We may not realize it, but by succumbing to and gratifying our immediate needs versus tending to the more important responsibilities of our roles, we have reduced our capacity to think about and to choose how we want to be as a leader. Do we want to be effective by making thoughtful decisions, opting for difficult choices when needed, and engaging in challenging conversations? Or, do we want to self-soothe and lose the opportunity to do right by our leadership positions, our patients, and the people we want to influence?

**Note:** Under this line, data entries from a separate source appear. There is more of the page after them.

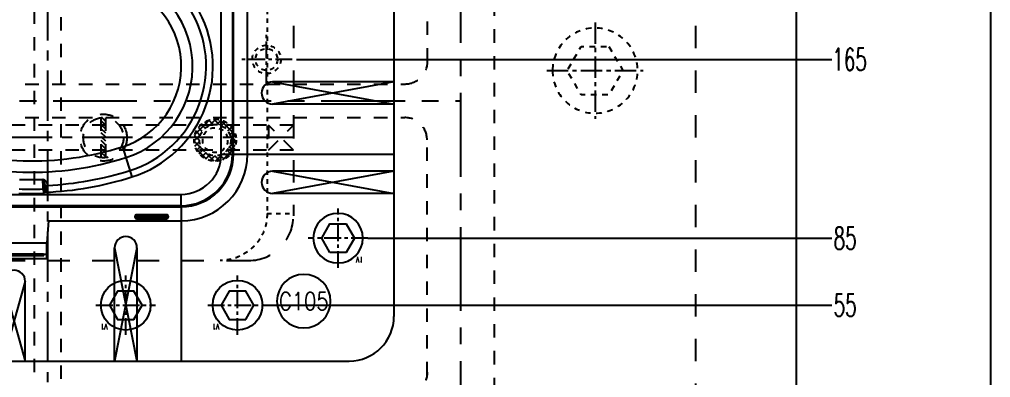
# Model space of a CAD drawing. Extents: x 14103 to 19353, y -3233 to 932.
# Drawn here: x 17406.8 to 17841.4, y 186.7 to 347 of the extents above; entities that cross this region are included whole.
import ezdxf
from ezdxf.enums import TextEntityAlignment as Align

# ---------------------------------------------------------------- set-up
doc = ezdxf.new("R2010")
doc.units = 0
doc.header["$LTSCALE"] = 20
doc.header["$MEASUREMENT"] = 0
for name, pattern in [('CENTER', [0.6, 0.375, -0.075, 0.075, -0.075]), ('DASHED', [0.2, 0.1, -0.1]), ('HIDDEN', [0.2, 0.1, -0.1]), ('SOLID', [0])]:
    doc.linetypes.add(name, pattern=pattern)
doc.layers.get('0').update_dxf_attribs({"linetype": 'CONTINUOUS'})
doc.layers.get('DEFPOINTS').update_dxf_attribs({"linetype": 'CONTINUOUS'})
for name, color, linetype in [('3a', 7, 'CONTINUOUS'), ('CK_LEVEL_1', 1, 'SOLID'), ('CONTINUOUS', 7, 'CONTINUOUS'), ('DEFAULT_2', 8, 'HIDDEN'), ('DIM', 3, 'CONTINUOUS'), ('HIDDEN', 2, 'HIDDEN'), ('HOLD DOWN', 7, 'CONTINUOUS'), ('MXB', 3, 'CONTINUOUS'), ('SCREW', 7, 'CONTINUOUS'), ('VENTING', 7, 'CONTINUOUS'), ('WATER', 9, 'HIDDEN'), ('water-2', 7, 'CONTINUOUS')]:
    doc.layers.add(name, color=color, linetype=linetype)
doc.styles.add('lxy2', font='txt.shx', dxfattribs={"width": 0.6})
doc.styles.get("Standard").update_dxf_attribs({"font": 'txt.shx', "width": 0.5, "bigfont": 'hztxt.shx'})
doc.dimstyles.new('10', dxfattribs={"dimtxt": 10, "dimasz": 5, "dimexe": 2.5, "dimexo": 0, "dimgap": 1, "dimtad": 0, "dimdsep": 46, "dimtxsty": 'lxy2', "dimcen": -3, "dimclrd": 113, "dimclre": 113, "dimclrt": 3, "dimazin": 2, "dimtfac": 1, "dimtofl": 0, "dimtmove": 0, "dimatfit": 3, "dimfxl": 1, "dimtolj": 1, "dimtzin": 0, "dimarcsym": 0})

# ---------------------------------------------------------------- blocks, each defined once
blk = doc.blocks.new('*D115')
at = {"layer": 'DEFPOINTS', "color": 0}
for p in [(17554.36, 709.09), (17770.26, 709.09), (17204.36, 164.09)]:
    blk.add_point(p, dxfattribs=at)
at = {"layer": 'DIM', "color": 113, "lineweight": -2}
blk.add_line((17554.36, 709.09), (17770.26, 709.09), dxfattribs=at)
at = {"layer": 'DIM', "color": 3, "insert": (17779.26, 709.09), "char_height": 10, "attachment_point": 5, "style": 'lxy2'}
blk.add_mtext('\\A1;545', dxfattribs=at)
blk = doc.blocks.new('*D114')
at = {"layer": 'DEFPOINTS', "color": 0}
for p in [(17517.7, 684.09), (17770.26, 684.09), (17204.36, 164.09)]:
    blk.add_point(p, dxfattribs=at)
at = {"layer": 'DIM', "color": 113, "lineweight": -2}
blk.add_line((17517.7, 684.09), (17770.26, 684.09), dxfattribs=at)
at = {"layer": 'DIM', "color": 3, "insert": (17778.76, 684.09), "char_height": 10, "attachment_point": 5, "style": 'lxy2'}
blk.add_mtext('\\A1;520', dxfattribs=at)
blk = doc.blocks.new('*D113')
at = {"layer": 'DEFPOINTS', "color": 0}
for p in [(17754.36, 864.09), (17770.26, 864.09), (17204.36, 164.09)]:
    blk.add_point(p, dxfattribs=at)
at = {"layer": 'DIM', "color": 113, "lineweight": -2}
blk.add_line((17754.36, 864.09), (17770.26, 864.09), dxfattribs=at)
at = {"layer": 'DIM', "color": 3, "insert": (17778.26, 864.09), "char_height": 10, "attachment_point": 5, "style": 'lxy2'}
blk.add_mtext('\\A1;700', dxfattribs=at)
blk = doc.blocks.new('AC_LXY_BLK610')
at = {"layer": 'SCREW', "color": 1, "linetype": 'CENTER'}
for p, q in [((0, 13.33), (0, -13.34)), ((13.33, 0), (-13.34, 0))]:
    blk.add_line(p, q, dxfattribs=at)
at = {"layer": 'SCREW', "color": 0, "linetype": 'ByBlock'}
blk.add_lwpolyline([(-3.67, 6.35), (-7.33, 0), (-3.67, -6.35), (3.67, -6.35), (7.33, 0), (3.67, 6.35)], close=True, dxfattribs=at)
blk.add_circle((0, 0), 11.11, dxfattribs=at)
at = {"layer": 'SCREW', "style": 'lxy2', "width": 0.6}
blk.add_text('V1', height=2.5, dxfattribs=at).set_placement((9.63, 9.63), align=Align.MIDDLE_CENTER)
blk = doc.blocks.new('*D221')
at = {"layer": 'DEFPOINTS', "color": 0}
for p in [(17515.48, 219.09), (17770.26, 219.09), (17204.36, 164.09)]:
    blk.add_point(p, dxfattribs=at)
at = {"layer": 'DIM', "color": 113, "lineweight": -2}
blk.add_line((17515.48, 219.09), (17770.26, 219.09), dxfattribs=at)
at = {"layer": 'DIM', "color": 3, "insert": (17776.26, 219.09), "char_height": 10, "attachment_point": 5, "style": 'lxy2'}
blk.add_mtext('\\A1;55', dxfattribs=at)
blk = doc.blocks.new('*D121')
at = {"layer": 'DEFPOINTS', "color": 0}
for p in [(17562.7, 249.09), (17770.26, 249.09), (17204.36, 164.09)]:
    blk.add_point(p, dxfattribs=at)
at = {"layer": 'DIM', "color": 113, "lineweight": -2}
blk.add_line((17562.7, 249.09), (17770.26, 249.09), dxfattribs=at)
at = {"layer": 'DIM', "color": 3, "insert": (17776.26, 249.09), "char_height": 10, "attachment_point": 5, "style": 'lxy2'}
blk.add_mtext('\\A1;85', dxfattribs=at)
blk = doc.blocks.new('*D120')
at = {"layer": 'DEFPOINTS', "color": 0}
for p in [(17562.7, 374.09), (17770.26, 374.09), (17204.36, 164.09)]:
    blk.add_point(p, dxfattribs=at)
at = {"layer": 'DIM', "color": 113, "lineweight": -2}
blk.add_line((17562.7, 374.09), (17770.26, 374.09), dxfattribs=at)
at = {"layer": 'DIM', "color": 3, "insert": (17777.76, 374.09), "char_height": 10, "attachment_point": 5, "style": 'lxy2'}
blk.add_mtext('\\A1;210', dxfattribs=at)
blk = doc.blocks.new('*D119')
at = {"layer": 'DEFPOINTS', "color": 0}
for p in [(17725.91, 464.09), (17770.26, 464.09), (17204.36, 164.09)]:
    blk.add_point(p, dxfattribs=at)
at = {"layer": 'DIM', "color": 113, "lineweight": -2}
blk.add_line((17725.91, 464.09), (17770.26, 464.09), dxfattribs=at)
at = {"layer": 'DIM', "color": 3, "insert": (17778.26, 464.09), "char_height": 10, "attachment_point": 5, "style": 'lxy2'}
blk.add_mtext('\\A1;300', dxfattribs=at)
blk = doc.blocks.new('*D118')
at = {"layer": 'DEFPOINTS', "color": 0}
for p in [(17562.7, 514.09), (17770.26, 514.09), (17204.36, 164.09)]:
    blk.add_point(p, dxfattribs=at)
at = {"layer": 'DIM', "color": 113, "lineweight": -2}
blk.add_line((17562.7, 514.09), (17770.26, 514.09), dxfattribs=at)
at = {"layer": 'DIM', "color": 3, "insert": (17778.76, 514.09), "char_height": 10, "attachment_point": 5, "style": 'lxy2'}
blk.add_mtext('\\A1;350', dxfattribs=at)
blk = doc.blocks.new('*D117')
at = {"layer": 'DEFPOINTS', "color": 0}
for p in [(17562.7, 639.09), (17770.26, 639.09), (17204.36, 164.09)]:
    blk.add_point(p, dxfattribs=at)
at = {"layer": 'DIM', "color": 113, "lineweight": -2}
blk.add_line((17562.7, 639.09), (17770.26, 639.09), dxfattribs=at)
at = {"layer": 'DIM', "color": 3, "insert": (17779.26, 639.09), "char_height": 10, "attachment_point": 5, "style": 'lxy2'}
blk.add_mtext('\\A1;475', dxfattribs=at)
blk = doc.blocks.new('*D116')
at = {"layer": 'DEFPOINTS', "color": 0}
for p in [(17760.7, 664.09), (17770.26, 664.09), (17204.36, 164.09)]:
    blk.add_point(p, dxfattribs=at)
at = {"layer": 'DIM', "color": 113, "lineweight": -2}
blk.add_line((17760.7, 664.09), (17770.26, 664.09), dxfattribs=at)
at = {"layer": 'DIM', "color": 3, "insert": (17778.26, 664.09), "char_height": 10, "attachment_point": 5, "style": 'lxy2'}
blk.add_mtext('\\A1;500', dxfattribs=at)
blk = doc.blocks.new('*D86')
at = {"layer": 'DEFPOINTS', "color": 0}
for p in [(17530.79, 329.09), (17770.26, 329.09), (17204.36, 164.09)]:
    blk.add_point(p, dxfattribs=at)
at = {"layer": 'DIM', "color": 113, "lineweight": -2}
blk.add_line((17530.79, 329.09), (17770.26, 329.09), dxfattribs=at)
at = {"layer": 'DIM', "color": 3, "insert": (17778.26, 329.09), "char_height": 10, "attachment_point": 5, "style": 'lxy2'}
blk.add_mtext('\\A1;165', dxfattribs=at)
blk = doc.blocks.new('*D85')
at = {"layer": 'DEFPOINTS', "color": 0}
for p in [(17529.36, 579.09), (17770.26, 579.09), (17204.36, 164.09)]:
    blk.add_point(p, dxfattribs=at)
at = {"layer": 'DIM', "color": 113, "lineweight": -2}
blk.add_line((17529.36, 579.09), (17770.26, 579.09), dxfattribs=at)
at = {"layer": 'DIM', "color": 3, "insert": (17778.26, 579.09), "char_height": 10, "attachment_point": 5, "style": 'lxy2'}
blk.add_mtext('\\A1;415', dxfattribs=at)
blk = doc.blocks.new('AC_LXY_BLK12')
at = {"layer": 'SCREW', "color": 1, "linetype": 'CENTER'}
for p, q in [((0, 17), (0, -17)), ((17, 0), (-17, 0))]:
    blk.add_line(p, q, dxfattribs=at)
at = {"layer": 'SCREW', "color": 2, "linetype": 'HIDDEN', "flags": 128}
blk.add_lwpolyline([(-4.91, 8.5), (-9.81, 0), (-4.91, -8.5), (4.91, -8.5), (9.81, 0), (4.91, 8.5)], close=True, dxfattribs=at)
at = {"layer": 'SCREW', "color": 2, "linetype": 'HIDDEN'}
blk.add_circle((0, 0), 15, dxfattribs=at)
blk = doc.blocks.new('MXB_ITEM')
blk.add_circle((0, 0), 6)
at = {"width": 0.8}
blk.add_attdef('ITEM', text='', height=4, dxfattribs=at).set_placement((0, 0), align=Align.MIDDLE_CENTER)

msp = doc.modelspace()

# ---------------------------------------------------------------- hatches: boundary and pattern name
at = {"layer": 'WATER', "linetype": 'HIDDEN', "ltscale": 3}
h = msp.add_hatch(dxfattribs=at)
h.set_pattern_fill('ANSI31', color=256, scale=10, angle=90, style=0)
h.set_pattern_definition([(135, (13573.275, 1954.9012), (-0.88388348, -0.88388348), [])])
h.paths.add_polyline_path([(17443.363, 303.035), (17443.363, 288.53), (17445.363, 288.53), (17445.363, 303.035, 0.0557281)])
h.paths.add_polyline_path([(17445.363, 294.09), (17443.363, 294.09), (17443.363, 288.53), (17445.363, 288.53)], flags=16)
h.paths.add_polyline_path([(17445.363, 299.65), (17443.363, 299.65), (17443.363, 294.09), (17445.363, 294.09)], flags=16)
h.paths.add_polyline_path([(17445.363, 285.146), (17445.363, 299.65), (17443.363, 299.65), (17443.363, 285.146, 0.0557281)])
at = {"layer": 'WATER', "linetype": 'ByBlock'}
h = msp.add_hatch(dxfattribs=at)
h.set_pattern_fill('ANSI37', color=256, scale=15, angle=90, style=0)
h.set_pattern_definition([(45, (16753.0685, -14911.972), (1.32582521, -1.32582521), []), (315, (16753.0685, -14911.972), (-1.32582521, -1.32582521), [])])
edge = h.paths.add_edge_path(flags=16)
edge.add_arc((17494.363, 292.97), 7, 0, 360)
edge = h.paths.add_edge_path()
edge.add_arc((17494.363, 292.97), 9.396, 0, 360)

# ---------------------------------------------------------------- linework, layer by layer
at = {"layer": '3a', "color": 4, "linetype": 'Continuous'}
for p, q in [((17497.055, 286.674), (17497.055, 598.822)), ((17502.127, 599.094), (17502.127, 286.674)), ((17502.594, 286.674), (17502.594, 599.219)), ((17508.847, 286.674), (17508.847, 375.935)), ((17452.853, 289.998), (17457.135, 276.487)), ((17497.055, 286.674), (17502.594, 286.674)), ((17417.82, 270.033), (17418.167, 269.634)), ((16929.643, 268.702), (17479.083, 268.702)), ((17479.083, 263.163), (17479.083, 268.702)), ((17479.083, 263.63), (16929.643, 263.63)), ((16929.643, 263.163), (17479.083, 263.163)), ((17419.134, 247.067), (17419.999, 256.91)), ((17419.999, 256.91), (17479.083, 256.91)), ((17472.532, 259.616), (17459.37, 259.616)), ((17459.37, 259.046), (17459.37, 259.616)), ((17459.37, 259.58), (17472.532, 259.58)), ((17459.37, 259.046), (17472.532, 259.046)), ((17472.532, 258.326), (17459.37, 258.326)), ((17459.37, 257.756), (17459.37, 258.326)), ((17472.532, 257.792), (17459.37, 257.792)), ((17459.37, 257.756), (17472.532, 257.756)), ((17472.532, 259.616), (17472.532, 259.046)), ((17472.532, 257.756), (17472.532, 258.326)), ((17367.783, 247.067), (17419.134, 247.067)), ((17418.936, 247.067), (17418.936, 241.992)), ((17368.084, 239.941), (17418.834, 239.941)), ((17417.589, 241.992), (17369.328, 241.992)), ((17369.328, 241.375), (17417.589, 241.375)), ((17417.589, 241.269), (17369.328, 241.269)), ((17417.589, 241.375), (17417.589, 241.992)), ((17417.589, 241.375), (17417.695, 241.269)), ((17417.695, 241.269), (17417.695, 241.992)), ((17417.695, 241.992), (17418.936, 241.992)), ((17418.936, 241.992), (17418.834, 239.941))]:
    msp.add_line(p, q, dxfattribs=at)
for centre, radius, start, end in [((17441.445, 325.994), 42.823, 287.58431, 79.41569), ((17441.445, 325.994), 37.76, 287.58431, 79.41569), ((17441.445, 325.994), 51.934, 287.58431, 31.48397), ((17441.445, 325.994), 48.897, 287.58431, 31.48397), ((17412.007, 418.881), 135.201, 249.40692, 287.58431), ((17412.007, 418.881), 140.263, 249.40692, 287.58431), ((17479.083, 286.674), 23.511, 270, 360), ((17479.083, 286.674), 17.972, 270, 360), ((17479.083, 286.674), 23.044, 270, 360), ((17479.083, 286.674), 29.764, 270, 0), ((17412.007, 418.881), 146.337, 272.85471, 287.58431), ((17412.007, 418.881), 143.552, 267.90798, 272.09202), ((17412.007, 418.881), 149.374, 272.36337, 287.58431), ((17412.007, 418.881), 147.843, 267.89606, 272.10394), ((17412.007, 418.881), 149.862, 267.88806, 272.11194), ((17459.37, 258.686), 0.93, 89.99999, 270.00001), ((17459.37, 258.686), 0.894, 90, 270), ((17459.37, 258.686), 0.36, 90, 270), ((17472.532, 258.686), 0.93, 270.00001, 89.99999), ((17472.532, 258.686), 0.894, 270, 90), ((17472.532, 258.686), 0.36, 270, 90)]:
    msp.add_arc(centre, radius, start, end, dxfattribs=at)
for points in [[(17418.369, 271.99), (17418.254, 272.857), (17418.181, 273.29), (17418.093, 273.723), (17417.987, 274.154), (17417.855, 274.584), (17417.676, 275.012), (17417.505, 275.277), (17417.248, 275.423)], [(17417.248, 275.423), (17417.594, 275.379), (17417.831, 275.28), (17418.077, 275.116), (17418.41, 274.782), (17418.649, 274.443), (17418.837, 274.102), (17418.988, 273.76), (17419.112, 273.416), (17419.295, 272.726)], [(17417.435, 271.138), (17417.373, 272.567), (17417.31, 273.995), (17417.248, 275.421)], [(17417.435, 271.138), (17417.71, 271.186), (17417.962, 271.307), (17418.171, 271.492), (17418.318, 271.721)], [(17417.435, 271.138), (17417.466, 270.478), (17417.496, 269.848), (17417.53, 269.121)], [(17417.53, 269.121), (17417.676, 269.594), (17417.82, 270.033)], [(17418.167, 269.634), (17417.852, 269.373), (17417.53, 269.121)], [(17417.82, 270.033), (17417.993, 270.591), (17418.067, 270.847), (17418.318, 271.721)], [(17418.167, 269.634), (17418.536, 270.231), (17418.692, 270.558), (17418.828, 270.891), (17418.946, 271.22), (17419.047, 271.539), (17419.199, 272.099)], [(17418.318, 271.721), (17418.918, 272.099), (17419.199, 272.099)], [(17418.318, 271.721), (17418.346, 271.816), (17418.369, 271.99)], [(17418.369, 271.99), (17418.501, 272.275), (17418.714, 272.506), (17418.987, 272.662), (17419.295, 272.726)], [(17419.199, 272.099), (17419.251, 272.343), (17419.289, 272.605), (17419.295, 272.726)]]:
    msp.add_spline(points, degree=3, dxfattribs=at)
at = {"layer": 'CK_LEVEL_1', "color": 2, "linetype": 'CENTER', "ltscale": 5}
for p, q in [((17604.363, -203.41), (17604.363, 759.09)), ((17241.863, 310.591), (17604.187, 310.591))]:
    msp.add_line(p, q, dxfattribs=at)
at = {"layer": 'CK_LEVEL_1', "color": 9, "linetype": 'DASHED', "ltscale": 3}
for p, q in [((17619.363, -203.41), (17619.363, 759.09)), ((17589.363, 328.107), (17589.363, 436.574)), ((17277.408, 318.107), (17579.363, 318.107)), ((17277.408, 303.091), (17579.194, 303.091)), ((17589.263, 187.679), (17589.194, 293.097))]:
    msp.add_line(p, q, dxfattribs=at)
for centre, start, end in [((17579.363, 328.107), 270, 0), ((17579.194, 293.091), 0.03756, 90), ((17579.363, 189.09), 270, 0)]:
    msp.add_arc(centre, 10, start, end, dxfattribs=at)
at = {"layer": 'CONTINUOUS'}
msp.add_line((17754.363, 864.09), (17754.363, -535.91), dxfattribs=at)
at = {"layer": 'DEFAULT_2', "color": 8, "linetype": 'HIDDEN'}
for p, q in [((17517.639, 631.448), (17517.639, 260.091)), ((17517.639, 260.091), (17529.363, 260.091))]:
    msp.add_line(p, q, dxfattribs=at)
msp.add_spline([(17517.639, 260.091), (17517.125, 255.483), (17515.556, 250.988), (17513.025, 246.979), (17509.736, 243.699), (17505.715, 241.175), (17501.2, 239.606), (17496.559, 239.091)], degree=3, dxfattribs=at)
at = {"layer": 'DIM'}
msp.add_lwpolyline([(14103.26, 932.193), (17841.354, 932.193), (17841.354, -1843.388), (14103.26, -1843.388)], close=True, dxfattribs=at)
at = {"layer": 'HIDDEN', "ltscale": 5}
msp.add_line((17709.363, 864.09), (17709.363, -535.91), dxfattribs=at)
at = {"layer": 'HOLD DOWN', "color": 0, "linetype": 'ByBlock'}
for p, q in [((17574.363, 689.09), (17574.363, 214.09)), ((17502.127, 599.094), (17502.127, 286.674)), ((17479.083, 263.63), (16929.643, 263.63)), ((17479.083, 263.63), (17479.083, 194.09)), ((16854.363, 194.09), (17554.363, 194.09))]:
    msp.add_line(p, q, dxfattribs=at)
at = {"layer": 'HOLD DOWN', "color": 6, "linetype": 'HIDDEN', "ltscale": 5}
for p, q in [((17529.363, 644.09), (17529.363, 259.09)), ((16899.363, 239.09), (17509.363, 239.09))]:
    msp.add_line(p, q, dxfattribs=at)
at = {"layer": 'HOLD DOWN', "color": 0, "linetype": 'Continuous'}
msp.add_line((17502.127, 286.674), (17574.363, 286.674), dxfattribs=at)
at = {"layer": 'HOLD DOWN', "color": 0, "linetype": 'ByBlock'}
for centre, radius, end in [((17479.083, 286.674), 23.044, 360), ((17554.363, 214.09), 20, 0)]:
    msp.add_arc(centre, radius, 270, end, dxfattribs=at)
at = {"layer": 'HOLD DOWN', "color": 6, "linetype": 'HIDDEN', "ltscale": 5}
msp.add_arc((17509.363, 259.09), 20, 270, 0, dxfattribs=at)
at = {"layer": 'SCREW', "color": 1, "linetype": 'CENTER'}
for p, q in [((17517.363, 317.66), (17517.363, 340.52)), ((17528.793, 329.09), (17505.933, 329.09))]:
    msp.add_line(p, q, dxfattribs=at)
at = {"layer": 'SCREW', "color": 2, "linetype": 'HIDDEN'}
for radius in [6.375, 4.875]:
    msp.add_circle((17517.363, 329.09), radius, dxfattribs=at)
at = {"layer": 'VENTING', "color": 5}
for p, q in [((17520.091, 319.09), (17574.363, 309.09)), ((17574.363, 319.09), (17520.091, 309.09)), ((17574.363, 319.09), (17520.091, 319.09)), ((17574.363, 309.09), (17520.091, 309.09)), ((17574.363, 279.09), (17520.091, 279.09)), ((17574.363, 279.09), (17520.091, 269.09)), ((17520.091, 279.09), (17574.363, 269.09)), ((17574.363, 269.09), (17520.091, 269.09)), ((17449.363, 194.09), (17449.363, 244.779)), ((17459.363, 244.779), (17449.363, 194.09)), ((17449.363, 244.779), (17459.363, 194.09)), ((17459.363, 244.779), (17459.363, 194.09)), ((17399.363, 229.779), (17409.363, 194.09)), ((17409.363, 229.779), (17399.363, 194.09)), ((17409.363, 194.09), (17409.363, 229.779))]:
    msp.add_line(p, q, dxfattribs=at)
for centre, start, end in [((17520.091, 314.09), 90, 270), ((17520.091, 274.09), 90, 270), ((17454.363, 244.779), 0, 180), ((17404.363, 229.779), 0, 180)]:
    msp.add_arc(centre, 5, start, end, dxfattribs=at)
at = {"layer": 'WATER', "linetype": 'HIDDEN', "ltscale": 3}
for p, q in [((17443.363, 285.146), (17443.363, 303.035)), ((17445.363, 285.146), (17445.363, 303.035)), ((17529.363, 299.65), (16879.363, 299.65)), ((17529.363, 288.53), (17518.243, 299.65)), ((17518.243, 299.65), (17518.243, 288.53)), ((17518.243, 288.53), (17529.363, 299.65)), ((17529.363, 299.65), (17529.363, 288.53)), ((17529.363, 288.53), (16879.363, 288.53))]:
    msp.add_line(p, q, dxfattribs=at)
at = {"layer": 'WATER', "color": 1, "linetype": 'CENTER', "ltscale": 3}
msp.add_line((17529.363, 294.09), (16873.803, 294.09), dxfattribs=at)
at = {"layer": 'WATER', "linetype": 'HIDDEN', "ltscale": 3}
for radius in [10.5, 9]:
    msp.add_circle((17444.363, 294.09), radius, dxfattribs=at)
at = {"layer": 'WATER'}
for radius in [9.396, 7, 5.56]:
    msp.add_circle((17494.363, 292.97), radius, dxfattribs=at)
at = {"layer": 'water-2', "color": 1, "linetype": 'CENTER', "ltscale": 3}
msp.add_line((17419.363, 864.09), (17419.363, -535.909), dxfattribs=at)
at = {"layer": 'water-2', "color": 11, "linetype": 'HIDDEN', "ltscale": 3}
for p, q in [((17425.363, 864.09), (17425.363, -535.91)), ((17413.363, 543.09), (17413.363, -214.909))]:
    msp.add_line(p, q, dxfattribs=at)

# ---------------------------------------------------------------- block references
at = {"layer": 'MXB', "color": 8}
ref = msp.add_blockref('MXB_ITEM', (17534.024, 220.881), dxfattribs=dict(at, xscale=-2, yscale=2, zscale=2))
ref.add_attrib('ITEM', 'C105', dxfattribs={"layer": '0', "height": 8, "width": 0.8}).set_placement((17534.024, 220.881), align=Align.MIDDLE_CENTER)
at = {"layer": 'SCREW', "xscale": -1.27, "yscale": 1.27, "zscale": 1.27}
msp.add_blockref('AC_LXY_BLK12', (17664.363, 324.09), dxfattribs=at)
at = {"layer": 'SCREW', "xscale": -1, "rotation": 180}
msp.add_blockref('AC_LXY_BLK610', (17549.363, 249.09), dxfattribs=at)
at = {"layer": 'SCREW', "rotation": 180}
for p in [(17454.363, 219.09), (17504.363, 219.09)]:
    msp.add_blockref('AC_LXY_BLK610', p, dxfattribs=at)

# ---------------------------------------------------------------- dimensions: what is measured, and where the dimension line sits
at = {"layer": 'DIM'}
for feature_location, offset, picture, middle in [((17754.363, 864.09), (15.902, 0), '*D113', (17778.264, 864.09)), ((17554.363, 709.09), (215.902, 0), '*D115', (17779.264, 709.09)), ((17517.698, 684.09), (252.567, 0), '*D114', (17778.764, 684.09)), ((17760.696, 664.09), (9.568, 0), '*D116', (17778.264, 664.09)), ((17562.698, 639.09), (207.567, 0), '*D117', (17779.264, 639.09)), ((17529.363, 579.09), (240.902, 0), '*D85', (17778.264, 579.09)), ((17562.698, 514.09), (207.567, 0), '*D118', (17778.764, 514.09)), ((17725.913, 464.09), (44.352, 0), '*D119', (17778.264, 464.09)), ((17562.698, 374.09), (207.567, 0), '*D120', (17777.764, 374.09)), ((17530.793, 329.09), (239.472, 0), '*D86', (17778.264, 329.09)), ((17562.698, 249.09), (207.567, 0), '*D121', (17776.264, 249.09)), ((17515.475, 219.09), (254.789, 0), '*D221', (17776.264, 219.09))]:
    dim = msp.add_ordinate_dim(feature_location=feature_location, offset=offset, dtype=0, origin=(17204.363, 164.09), dimstyle='10', dxfattribs=at)
    dim.commit()
    dim.dimension.update_dxf_attribs({"geometry": picture, "text_midpoint": middle})

doc.saveas('drawing.dxf')

Judi decided to stop being hijacked by her short-term emotional needs. Instead, she vowed to be more courageous and practice being the leader she knew she could be, even if it caused her some initial discomfort. Here is what she chose to do when she was tempted to take the easy way out:

1. Count to 10 and breathe deeply while doing it. This simple act prompts a biological reset; we feel more relaxed, and we are better able to think about our options versus reacting in the moment. Doing this is a healthful way to buy time.
2. After breathing deeply, Judi decided she wouldn’t address the issue until she’d had a chance to make a considered decision about what to do. She wanted to reflect—even if just for a moment—on the problem. If she needed to respond immediately,
she would say something like “please give me a minute.” This would allow her to mentally step out of the situation and observe it, almost as a third party might see it. Observing, even for a moment, would provide her with a fresh perspective on the circumstances, as well as the other players and herself.
3. When a courageous action was called for, Judi pledged that she would not make excuses or hide. She dedicated herself to rehearsing tough conversations before they happened when she had that luxury, and she also promised herself that she would practice saying “give me a minute” and “no.” She knew she might be clumsy with these words at first, so she also gave herself permission to keep trying until they came naturally.

Finally, Judi vowed to freshen her vision and purpose as a leader. She was genuinely dedicated to good patient care and her role in providing it. She also believed in personal humility and service. Judi knew if she stayed focused on her values and her potential, she would find the courage to practice, grow, and eventually excel in her leadership role.